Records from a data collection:
++++++++++++++++++++

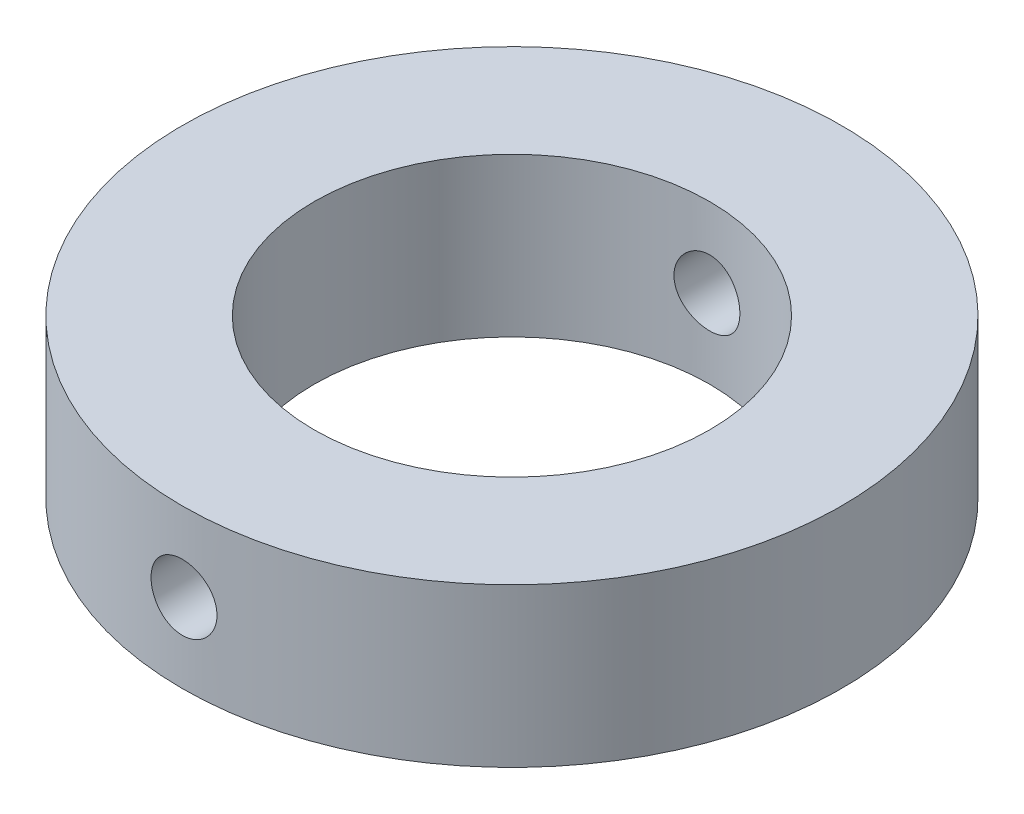
ISO-10303-21;
HEADER;
FILE_DESCRIPTION(('STEP AP214'),'2;1');
FILE_NAME('part.step','',(''),(''),'','','');
FILE_SCHEMA(('AUTOMOTIVE_DESIGN { 1 0 10303 214 1 1 1 1 }'));
ENDSEC;
DATA;
#1=APPLICATION_CONTEXT('core data for automotive mechanical design processes');
#2=APPLICATION_PROTOCOL_DEFINITION('international standard','automotive_design',2000,#1);
#3=PRODUCT_CONTEXT('',#1,'mechanical');
#4=PRODUCT('Part','Part','',(#3));
#5=PRODUCT_RELATED_PRODUCT_CATEGORY('part','',(#4));
#6=PRODUCT_DEFINITION_FORMATION('','',#4);
#7=PRODUCT_DEFINITION_CONTEXT('part definition',#1,'design');
#8=PRODUCT_DEFINITION('design','',#6,#7);
#9=PRODUCT_DEFINITION_SHAPE('','',#8);
#10=(LENGTH_UNIT() NAMED_UNIT(*) SI_UNIT(.MILLI.,.METRE.));
#11=(NAMED_UNIT(*) PLANE_ANGLE_UNIT() SI_UNIT($,.RADIAN.));
#12=(NAMED_UNIT(*) SI_UNIT($,.STERADIAN.) SOLID_ANGLE_UNIT());
#13=UNCERTAINTY_MEASURE_WITH_UNIT(LENGTH_MEASURE(1.E-05),#10,'distance_accuracy_value','');
#14=(GEOMETRIC_REPRESENTATION_CONTEXT(3) GLOBAL_UNCERTAINTY_ASSIGNED_CONTEXT((#13)) GLOBAL_UNIT_ASSIGNED_CONTEXT((#10,
#11,#12)) REPRESENTATION_CONTEXT('',''));
#15=CARTESIAN_POINT('',(0.,0.,0.));
#16=DIRECTION('',(0.,0.,1.));
#17=DIRECTION('',(1.,0.,0.));
#18=AXIS2_PLACEMENT_3D('',#15,#16,#17);
#19=CARTESIAN_POINT('',(0.,12.,0.));
#20=DIRECTION('',(0.,1.,0.));
#21=DIRECTION('',(0.,0.,1.));
#22=AXIS2_PLACEMENT_3D('',#19,#20,#21);
#23=PLANE('',#22);
#24=CARTESIAN_POINT('',(0.,12.,0.));
#25=DIRECTION('',(0.,1.,0.));
#26=DIRECTION('',(0.,0.,1.));
#27=AXIS2_PLACEMENT_3D('',#24,#25,#26);
#28=CIRCLE('',#27,25.);
#29=CARTESIAN_POINT('',(0.,12.,25.));
#30=VERTEX_POINT('',#29);
#31=EDGE_CURVE('E10',#30,#30,#28,.T.);
#32=ORIENTED_EDGE('',*,*,#31,.T.);
#33=EDGE_LOOP('',(#32));
#34=FACE_BOUND('',#33,.T.);
#35=CARTESIAN_POINT('',(0.,12.,0.));
#36=DIRECTION('',(0.,1.,0.));
#37=DIRECTION('',(0.,0.,1.));
#38=AXIS2_PLACEMENT_3D('',#35,#36,#37);
#39=CIRCLE('',#38,15.);
#40=CARTESIAN_POINT('',(0.,12.,15.));
#41=VERTEX_POINT('',#40);
#42=EDGE_CURVE('E56',#41,#41,#39,.T.);
#43=ORIENTED_EDGE('',*,*,#42,.F.);
#44=EDGE_LOOP('',(#43));
#45=FACE_BOUND('',#44,.T.);
#46=ADVANCED_FACE('F37',(#34,#45),#23,.T.);
#47=CARTESIAN_POINT('',(0.,0.,0.));
#48=DIRECTION('',(0.,1.,0.));
#49=DIRECTION('',(0.,0.,1.));
#50=AXIS2_PLACEMENT_3D('',#47,#48,#49);
#51=PLANE('',#50);
#52=CARTESIAN_POINT('',(0.,0.,0.));
#53=DIRECTION('',(0.,1.,0.));
#54=DIRECTION('',(0.,0.,1.));
#55=AXIS2_PLACEMENT_3D('',#52,#53,#54);
#56=CIRCLE('',#55,25.);
#57=CARTESIAN_POINT('',(0.,0.,25.));
#58=VERTEX_POINT('',#57);
#59=EDGE_CURVE('E51',#58,#58,#56,.T.);
#60=ORIENTED_EDGE('',*,*,#59,.F.);
#61=EDGE_LOOP('',(#60));
#62=FACE_BOUND('',#61,.T.);
#63=CARTESIAN_POINT('',(0.,0.,0.));
#64=DIRECTION('',(0.,1.,0.));
#65=DIRECTION('',(0.,0.,1.));
#66=AXIS2_PLACEMENT_3D('',#63,#64,#65);
#67=CIRCLE('',#66,15.);
#68=CARTESIAN_POINT('',(0.,0.,15.));
#69=VERTEX_POINT('',#68);
#70=EDGE_CURVE('E59',#69,#69,#67,.T.);
#71=ORIENTED_EDGE('',*,*,#70,.T.);
#72=EDGE_LOOP('',(#71));
#73=FACE_BOUND('',#72,.T.);
#74=ADVANCED_FACE('F95',(#62,#73),#51,.F.);
#75=CARTESIAN_POINT('',(0.,12.,0.));
#76=DIRECTION('',(0.,-1.,0.));
#77=DIRECTION('',(0.,0.,-1.));
#78=AXIS2_PLACEMENT_3D('',#75,#76,#77);
#79=CYLINDRICAL_SURFACE('',#78,25.);
#80=CARTESIAN_POINT('',(0.,8.5,-25.));
#81=CARTESIAN_POINT('',(-0.140050884478893,8.49999393524905,-24.9999983880192));
#82=CARTESIAN_POINT('',(-0.280194362919433,8.48819182775889,-24.9988106399051));
#83=CARTESIAN_POINT('',(-0.556595996242093,8.44128907427393,-24.9941866898684));
#84=CARTESIAN_POINT('',(-0.69284969792207,8.40616275993853,-24.9907480108506));
#85=CARTESIAN_POINT('',(-0.957429188633536,8.31364439850542,-24.9820103640768));
#86=CARTESIAN_POINT('',(-1.08575971153727,8.25626579870382,-24.9767125200177));
#87=CARTESIAN_POINT('',(-1.33094040240102,8.12089773017089,-24.9648489348577));
#88=CARTESIAN_POINT('',(-1.44779284694769,8.04291235999965,-24.9582834459533));
#89=CARTESIAN_POINT('',(-1.66714887668521,7.86824325584432,-24.9445936085331));
#90=CARTESIAN_POINT('',(-1.76960536208723,7.77150050149492,-24.9374675393466));
#91=CARTESIAN_POINT('',(-1.95685630357746,7.56218866434243,-24.9234739226566));
#92=CARTESIAN_POINT('',(-2.04164994270663,7.44961884989403,-24.9166063871229));
#93=CARTESIAN_POINT('',(-2.19133492610904,7.21155367079095,-24.9038897888196));
#94=CARTESIAN_POINT('',(-2.2561836636372,7.08603138976285,-24.8980429177726));
#95=CARTESIAN_POINT('',(-2.3638659618569,6.82581103523755,-24.8880509386631));
#96=CARTESIAN_POINT('',(-2.40670006647823,6.69111318854013,-24.8839057885556));
#97=CARTESIAN_POINT('',(-2.46899760400473,6.41684549783498,-24.8778021018244));
#98=CARTESIAN_POINT('',(-2.48853913250949,6.27729355786948,-24.8758362599524));
#99=CARTESIAN_POINT('',(-2.5039382128384,5.99687784151055,-24.8742910765131));
#100=CARTESIAN_POINT('',(-2.499796387177,5.85601409969485,-24.8747116722186));
#101=CARTESIAN_POINT('',(-2.4680107006317,5.5775117257667,-24.8778851724734));
#102=CARTESIAN_POINT('',(-2.44045211031138,5.43986325167826,-24.8806296147663));
#103=CARTESIAN_POINT('',(-2.36274786037647,5.17115509199726,-24.8881283571855));
#104=CARTESIAN_POINT('',(-2.31260189563937,5.04009549543742,-24.8928826844623));
#105=CARTESIAN_POINT('',(-2.19105223470377,4.78801603175278,-24.9038752363018));
#106=CARTESIAN_POINT('',(-2.11961070679995,4.66701452627671,-24.9101160977039));
#107=CARTESIAN_POINT('',(-1.95752506838307,4.43868696272029,-24.923376293322));
#108=CARTESIAN_POINT('',(-1.86688039584126,4.33136130504559,-24.9303956503196));
#109=CARTESIAN_POINT('',(-1.66848528103017,4.13293651502743,-24.9444596328247));
#110=CARTESIAN_POINT('',(-1.56066119712841,4.04191099529799,-24.9515042333249));
#111=CARTESIAN_POINT('',(-1.33122370434278,3.87924091772403,-24.964795726963));
#112=CARTESIAN_POINT('',(-1.209610279999,3.80759638160881,-24.9710426192064));
#113=CARTESIAN_POINT('',(-0.955995264230913,3.68572494922437,-24.9820368916774));
#114=CARTESIAN_POINT('',(-0.823991865974759,3.63550178795485,-24.9867840103692));
#115=CARTESIAN_POINT('',(-0.553368043324831,3.55795270822062,-24.9942411860352));
#116=CARTESIAN_POINT('',(-0.414747816941502,3.53062610502344,-24.9969513039266));
#117=CARTESIAN_POINT('',(-0.13546274772976,3.49973923066309,-25.0000212917078));
#118=CARTESIAN_POINT('',(0.005190755263729,3.49607737936875,-25.0003912066934));
#119=CARTESIAN_POINT('',(0.285109483289249,3.51235715762191,-24.9987660439199));
#120=CARTESIAN_POINT('',(0.424374727051174,3.5322984682882,-24.9967709981117));
#121=CARTESIAN_POINT('',(0.697270517086686,3.59513423855394,-24.9906465384799));
#122=CARTESIAN_POINT('',(0.830912122430048,3.63798113619503,-24.986521547951));
#123=CARTESIAN_POINT('',(1.08911080345945,3.74536293509318,-24.9765999715152));
#124=CARTESIAN_POINT('',(1.21366767539279,3.80989832259849,-24.9708033481313));
#125=CARTESIAN_POINT('',(1.45062045043036,3.95907709665978,-24.9581618832606));
#126=CARTESIAN_POINT('',(1.56297414937229,4.04378722231454,-24.951313590086));
#127=CARTESIAN_POINT('',(1.77190405827969,4.23081516935232,-24.937348321738));
#128=CARTESIAN_POINT('',(1.86847987212294,4.33313343267579,-24.9302313398243));
#129=CARTESIAN_POINT('',(2.04346527471786,4.5529164366475,-24.9165006035189));
#130=CARTESIAN_POINT('',(2.12180819669886,4.67043439135655,-24.9098887534744));
#131=CARTESIAN_POINT('',(2.25764564685957,4.91701840036671,-24.8979458115222));
#132=CARTESIAN_POINT('',(2.31514046013471,5.04608429672099,-24.8926147021009));
#133=CARTESIAN_POINT('',(2.40753802171119,5.31187184866449,-24.8838486908512));
#134=CARTESIAN_POINT('',(2.44248043702965,5.4485796002278,-24.8804104612447));
#135=CARTESIAN_POINT('',(2.48891001782366,5.72595799490193,-24.8758091320719));
#136=CARTESIAN_POINT('',(2.50039785599879,5.86662852423918,-24.8746459672547));
#137=CARTESIAN_POINT('',(2.49958284617814,6.14727672089176,-24.8747278276891));
#138=CARTESIAN_POINT('',(2.48738472398278,6.28725470720704,-24.8759622521752));
#139=CARTESIAN_POINT('',(2.43976363240913,6.56316229292072,-24.8806775972386));
#140=CARTESIAN_POINT('',(2.4043406369054,6.69909188776495,-24.884158520343));
#141=CARTESIAN_POINT('',(2.31130421574376,6.96304337261964,-24.8929717065797));
#142=CARTESIAN_POINT('',(2.25369386085229,7.09106635407431,-24.898303713509));
#143=CARTESIAN_POINT('',(2.11792888727761,7.33564222917759,-24.910218795984));
#144=CARTESIAN_POINT('',(2.03977438363854,7.45219518705157,-24.9168018645238));
#145=CARTESIAN_POINT('',(1.86474639071333,7.67105918617984,-24.9305121802424));
#146=CARTESIAN_POINT('',(1.76779487222567,7.77330769091772,-24.9376416181688));
#147=CARTESIAN_POINT('',(1.55807924806277,7.96013058174914,-24.9516213682196));
#148=CARTESIAN_POINT('',(1.44531136027064,8.04470072839292,-24.9584716130744));
#149=CARTESIAN_POINT('',(1.20685358540322,8.19393363463655,-24.971139051729));
#150=CARTESIAN_POINT('',(1.08113187336691,8.25854572736296,-24.9769536006703));
#151=CARTESIAN_POINT('',(0.820645697751378,8.36565605705967,-24.9868657312474));
#152=CARTESIAN_POINT('',(0.685891624564024,8.40817922738387,-24.9909652477413));
#153=CARTESIAN_POINT('',(0.458645653514261,8.45930154271201,-24.9959553443433));
#154=CARTESIAN_POINT('',(0.367606382111272,8.47454261074839,-24.9974650172958));
#155=CARTESIAN_POINT('',(0.184391452043282,8.49489381515441,-24.9994878737697));
#156=CARTESIAN_POINT('',(0.0922157980663946,8.50000399330465,-25.0000010614006));
#157=CARTESIAN_POINT('',(0.,8.5,-25.));
#158=B_SPLINE_CURVE_WITH_KNOTS('',3,(#80,#81,#82,#83,#84,#85,#86,#87,#88,#89,#90,#91,#92,#93,
#94,#95,#96,#97,#98,#99,#100,#101,#102,#103,#104,#105,#106,#107,#108,#109,#110,#111,#112,#113,
#114,#115,#116,#117,#118,#119,#120,#121,#122,#123,#124,#125,#126,#127,#128,#129,#130,#131,#132,
#133,#134,#135,#136,#137,#138,#139,#140,#141,#142,#143,#144,#145,#146,#147,#148,#149,#150,#151,
#152,#153,#154,#155,#156,#157),.UNSPECIFIED.,.T.,.F.,(4,2,2,2,2,2,2,2,2,2,2,2,2,2,2,2,2,2,2,2,2,
2,2,2,2,2,2,2,2,2,2,2,2,2,2,2,2,2,4),(0.,0.419815915671184,0.840094607088716,1.26011971433051,
1.68006134395696,2.10134642155736,2.52265098051765,2.94484938680555,3.3670373610626,
3.78780580112992,4.20856318139441,4.62779493602777,5.04703235404084,5.46701903432237,
5.88701800827813,6.30886835490517,6.73071917449429,7.15264351733954,7.57455524188599,
7.99465471519394,8.41474851297859,8.83397338235762,9.25320765123667,9.67384851871746,
10.0944999452558,10.516666090215,10.9388264618844,11.3602422648251,11.7816459809896,
12.2011907323489,12.620735955651,13.04022313407,13.459707963474,13.8809729356913,
14.302338815924,14.7247657756561,15.1467148698824,15.4231416808087,15.6995673517257),.UNSPECIFIED.);
#159=CARTESIAN_POINT('',(0.,8.5,-25.));
#160=VERTEX_POINT('',#159);
#161=EDGE_CURVE('E84',#160,#160,#158,.T.);
#162=ORIENTED_EDGE('',*,*,#161,.T.);
#163=EDGE_LOOP('',(#162));
#164=FACE_BOUND('',#163,.T.);
#165=CARTESIAN_POINT('',(2.5,6.,24.8746859276655));
#166=CARTESIAN_POINT('',(2.49999393348378,5.85995108956599,24.8746875699226));
#167=CARTESIAN_POINT('',(2.48819214745619,5.7198095789704,24.8758814248555));
#168=CARTESIAN_POINT('',(2.44129078690891,5.44341203426616,24.880527188953));
#169=CARTESIAN_POINT('',(2.40616553721609,5.30716045490627,24.8839815865305));
#170=CARTESIAN_POINT('',(2.31365029017232,5.04258545195524,24.8927533261847));
#171=CARTESIAN_POINT('',(2.25627379073475,4.9142572765214,24.8980695386697));
#172=CARTESIAN_POINT('',(2.12091066847775,4.66908051927063,24.9099645142955));
#173=CARTESIAN_POINT('',(2.04292813906481,4.5522296637907,24.9165430266082));
#174=CARTESIAN_POINT('',(1.86826190499676,4.33287184085625,24.9302481677475));
#175=CARTESIAN_POINT('',(1.77151854527065,4.23041247624054,24.9373765001317));
#176=CARTESIAN_POINT('',(1.56220428829891,4.04315597749108,24.951362630893));
#177=CARTESIAN_POINT('',(1.44963266726642,3.95835965148422,24.9582204168803));
#178=CARTESIAN_POINT('',(1.21156590412747,3.80867185748212,24.9709095788901));
#179=CARTESIAN_POINT('',(1.08604415632392,3.74382250301584,24.9767387723662));
#180=CARTESIAN_POINT('',(0.825824960718775,3.63613891712829,24.9866954218943));
#181=CARTESIAN_POINT('',(0.691127736670546,3.59330414907633,24.9908229194266));
#182=CARTESIAN_POINT('',(0.416861956857373,3.53100522661688,24.9968991642756));
#183=CARTESIAN_POINT('',(0.277311317578953,3.51146291812514,24.9988551960704));
#184=CARTESIAN_POINT('',(-0.00310185172235842,3.49606182716571,25.0003928899673));
#185=CARTESIAN_POINT('',(-0.143964347636154,3.50020243063432,24.9999746136318));
#186=CARTESIAN_POINT('',(-0.422472110161401,3.53198618162539,24.9968167827796));
#187=CARTESIAN_POINT('',(-0.560127074837448,3.55954528890973,24.9940855287928));
#188=CARTESIAN_POINT('',(-0.828847948761333,3.63725282236655,24.9866182316233));
#189=CARTESIAN_POINT('',(-0.959913772394322,3.68740154196893,24.9818821623988));
#190=CARTESIAN_POINT('',(-1.21200078669897,3.8089569081361,24.9709234370979));
#191=CARTESIAN_POINT('',(-1.33300392745413,3.88040074382539,24.9646981841439));
#192=CARTESIAN_POINT('',(-1.56133378293549,4.04249130834092,24.9514596129852));
#193=CARTESIAN_POINT('',(-1.66866009640207,4.13313860036296,24.9444462716703));
#194=CARTESIAN_POINT('',(-1.86708192955672,4.33153557378412,24.9303823366963));
#195=CARTESIAN_POINT('',(-1.95810436547586,4.43935836185394,24.9233317143257));
#196=CARTESIAN_POINT('',(-2.12076883839479,4.66879216302694,24.9100184982056));
#197=CARTESIAN_POINT('',(-2.19241084728222,4.79040319613036,24.9037559055991));
#198=CARTESIAN_POINT('',(-2.31428046143308,5.04401756299948,24.8927272378537));
#199=CARTESIAN_POINT('',(-2.3645035514324,5.17602308105722,24.8879614783139));
#200=CARTESIAN_POINT('',(-2.44205183909397,5.44665151153672,24.8804725467734));
#201=CARTESIAN_POINT('',(-2.46937773435758,5.58527422221861,24.8777493125442));
#202=CARTESIAN_POINT('',(-2.5002619384799,5.86456044882377,24.8746645131854));
#203=CARTESIAN_POINT('',(-2.50392249161803,6.00521255066208,24.8742927886901));
#204=CARTESIAN_POINT('',(-2.48764061717841,6.28512816455716,24.8759262838693));
#205=CARTESIAN_POINT('',(-2.46769850852439,6.42439169535092,24.8779314714265));
#206=CARTESIAN_POINT('',(-2.4048629362688,6.69727895569585,24.88408361056));
#207=CARTESIAN_POINT('',(-2.36201781797227,6.83091392773665,24.8882260500336));
#208=CARTESIAN_POINT('',(-2.25464179918985,7.08910012932576,24.8981822759699));
#209=CARTESIAN_POINT('',(-2.19011040195897,7.21365115071796,24.9039961007167));
#210=CARTESIAN_POINT('',(-2.04093750355804,7.45059993507194,24.9166646088928));
#211=CARTESIAN_POINT('',(-1.95622824960173,7.56295485491564,24.9235227703668));
#212=CARTESIAN_POINT('',(-1.76920133362793,7.77188763318517,24.9374958156297));
#213=CARTESIAN_POINT('',(-1.66688323562034,7.86846510085019,24.9446107057716));
#214=CARTESIAN_POINT('',(-1.44709951056618,8.04345408349523,24.9583261962325));
#215=CARTESIAN_POINT('',(-1.32958063992363,8.12179889896555,24.9649248513869));
#216=CARTESIAN_POINT('',(-1.08299429354283,8.25763967126603,24.9768360526658));
#217=CARTESIAN_POINT('',(-0.953926976074063,8.31513591376776,24.9821486164123));
#218=CARTESIAN_POINT('',(-0.688140316082037,8.40753441913834,24.9908802603501));
#219=CARTESIAN_POINT('',(-0.551435094124897,8.44247696831303,24.9943027151412));
#220=CARTESIAN_POINT('',(-0.274062034959197,8.48890767394961,24.9988823653412));
#221=CARTESIAN_POINT('',(-0.133394309230544,8.5003964895851,25.0000396244141));
#222=CARTESIAN_POINT('',(0.147255560189367,8.49958433390015,24.9999584578317));
#223=CARTESIAN_POINT('',(0.28723801806132,8.48738690790836,24.9987304594167));
#224=CARTESIAN_POINT('',(0.563154720890908,8.43976563585756,24.9940373394398));
#225=CARTESIAN_POINT('',(0.699088962670915,8.40434177156758,24.9905722161218));
#226=CARTESIAN_POINT('',(0.963049771919359,8.31130185651767,24.981793095349));
#227=CARTESIAN_POINT('',(1.09107741519382,8.25368883266461,24.9764793500812));
#228=CARTESIAN_POINT('',(1.33566150038699,8.11791707770755,24.9645953104074));
#229=CARTESIAN_POINT('',(1.4522180094214,8.0397584668222,24.9580250233539));
#230=CARTESIAN_POINT('',(1.67108181106735,7.86472595244062,24.9443296167264));
#231=CARTESIAN_POINT('',(1.77332731554835,7.767774959388,24.9372022865175));
#232=CARTESIAN_POINT('',(1.96014439848286,7.55806162113638,24.9232147692415));
#233=CARTESIAN_POINT('',(2.04471172961962,7.44529548707731,24.9163546466944));
#234=CARTESIAN_POINT('',(2.19394160106013,7.20683914520022,24.903659585265));
#235=CARTESIAN_POINT('',(2.25855296998709,7.08111679668987,24.8978272981327));
#236=CARTESIAN_POINT('',(2.36566177024692,6.82062927188442,24.8878798690615));
#237=CARTESIAN_POINT('',(2.40818414472465,6.68587449018571,24.883762791334));
#238=CARTESIAN_POINT('',(2.45930422083382,6.45863064775221,24.8787501884536));
#239=CARTESIAN_POINT('',(2.47454428099556,6.36759437173393,24.8772332983924));
#240=CARTESIAN_POINT('',(2.49489414651279,6.18438544239361,24.8752006294416));
#241=CARTESIAN_POINT('',(2.50000399439316,6.09221279384352,24.8746848463496));
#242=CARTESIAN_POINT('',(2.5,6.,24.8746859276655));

++++++++++++++++++++

What is being asked: In the data above, retype exactly and only the lines between the one holding "#4=PRODUCT('Part','Part','',(#3));" and the one holding "#36=DIRECTION('',(0.,1.,0.));", inclusive.

Answer for the task:
#4=PRODUCT('Part','Part','',(#3));
#5=PRODUCT_RELATED_PRODUCT_CATEGORY('part','',(#4));
#6=PRODUCT_DEFINITION_FORMATION('','',#4);
#7=PRODUCT_DEFINITION_CONTEXT('part definition',#1,'design');
#8=PRODUCT_DEFINITION('design','',#6,#7);
#9=PRODUCT_DEFINITION_SHAPE('','',#8);
#10=(LENGTH_UNIT() NAMED_UNIT(*) SI_UNIT(.MILLI.,.METRE.));
#11=(NAMED_UNIT(*) PLANE_ANGLE_UNIT() SI_UNIT($,.RADIAN.));
#12=(NAMED_UNIT(*) SI_UNIT($,.STERADIAN.) SOLID_ANGLE_UNIT());
#13=UNCERTAINTY_MEASURE_WITH_UNIT(LENGTH_MEASURE(1.E-05),#10,'distance_accuracy_value','');
#14=(GEOMETRIC_REPRESENTATION_CONTEXT(3) GLOBAL_UNCERTAINTY_ASSIGNED_CONTEXT((#13)) GLOBAL_UNIT_ASSIGNED_CONTEXT((#10,
#11,#12)) REPRESENTATION_CONTEXT('',''));
#15=CARTESIAN_POINT('',(0.,0.,0.));
#16=DIRECTION('',(0.,0.,1.));
#17=DIRECTION('',(1.,0.,0.));
#18=AXIS2_PLACEMENT_3D('',#15,#16,#17);
#19=CARTESIAN_POINT('',(0.,12.,0.));
#20=DIRECTION('',(0.,1.,0.));
#21=DIRECTION('',(0.,0.,1.));
#22=AXIS2_PLACEMENT_3D('',#19,#20,#21);
#23=PLANE('',#22);
#24=CARTESIAN_POINT('',(0.,12.,0.));
#25=DIRECTION('',(0.,1.,0.));
#26=DIRECTION('',(0.,0.,1.));
#27=AXIS2_PLACEMENT_3D('',#24,#25,#26);
#28=CIRCLE('',#27,25.);
#29=CARTESIAN_POINT('',(0.,12.,25.));
#30=VERTEX_POINT('',#29);
#31=EDGE_CURVE('E10',#30,#30,#28,.T.);
#32=ORIENTED_EDGE('',*,*,#31,.T.);
#33=EDGE_LOOP('',(#32));
#34=FACE_BOUND('',#33,.T.);
#35=CARTESIAN_POINT('',(0.,12.,0.));
#36=DIRECTION('',(0.,1.,0.));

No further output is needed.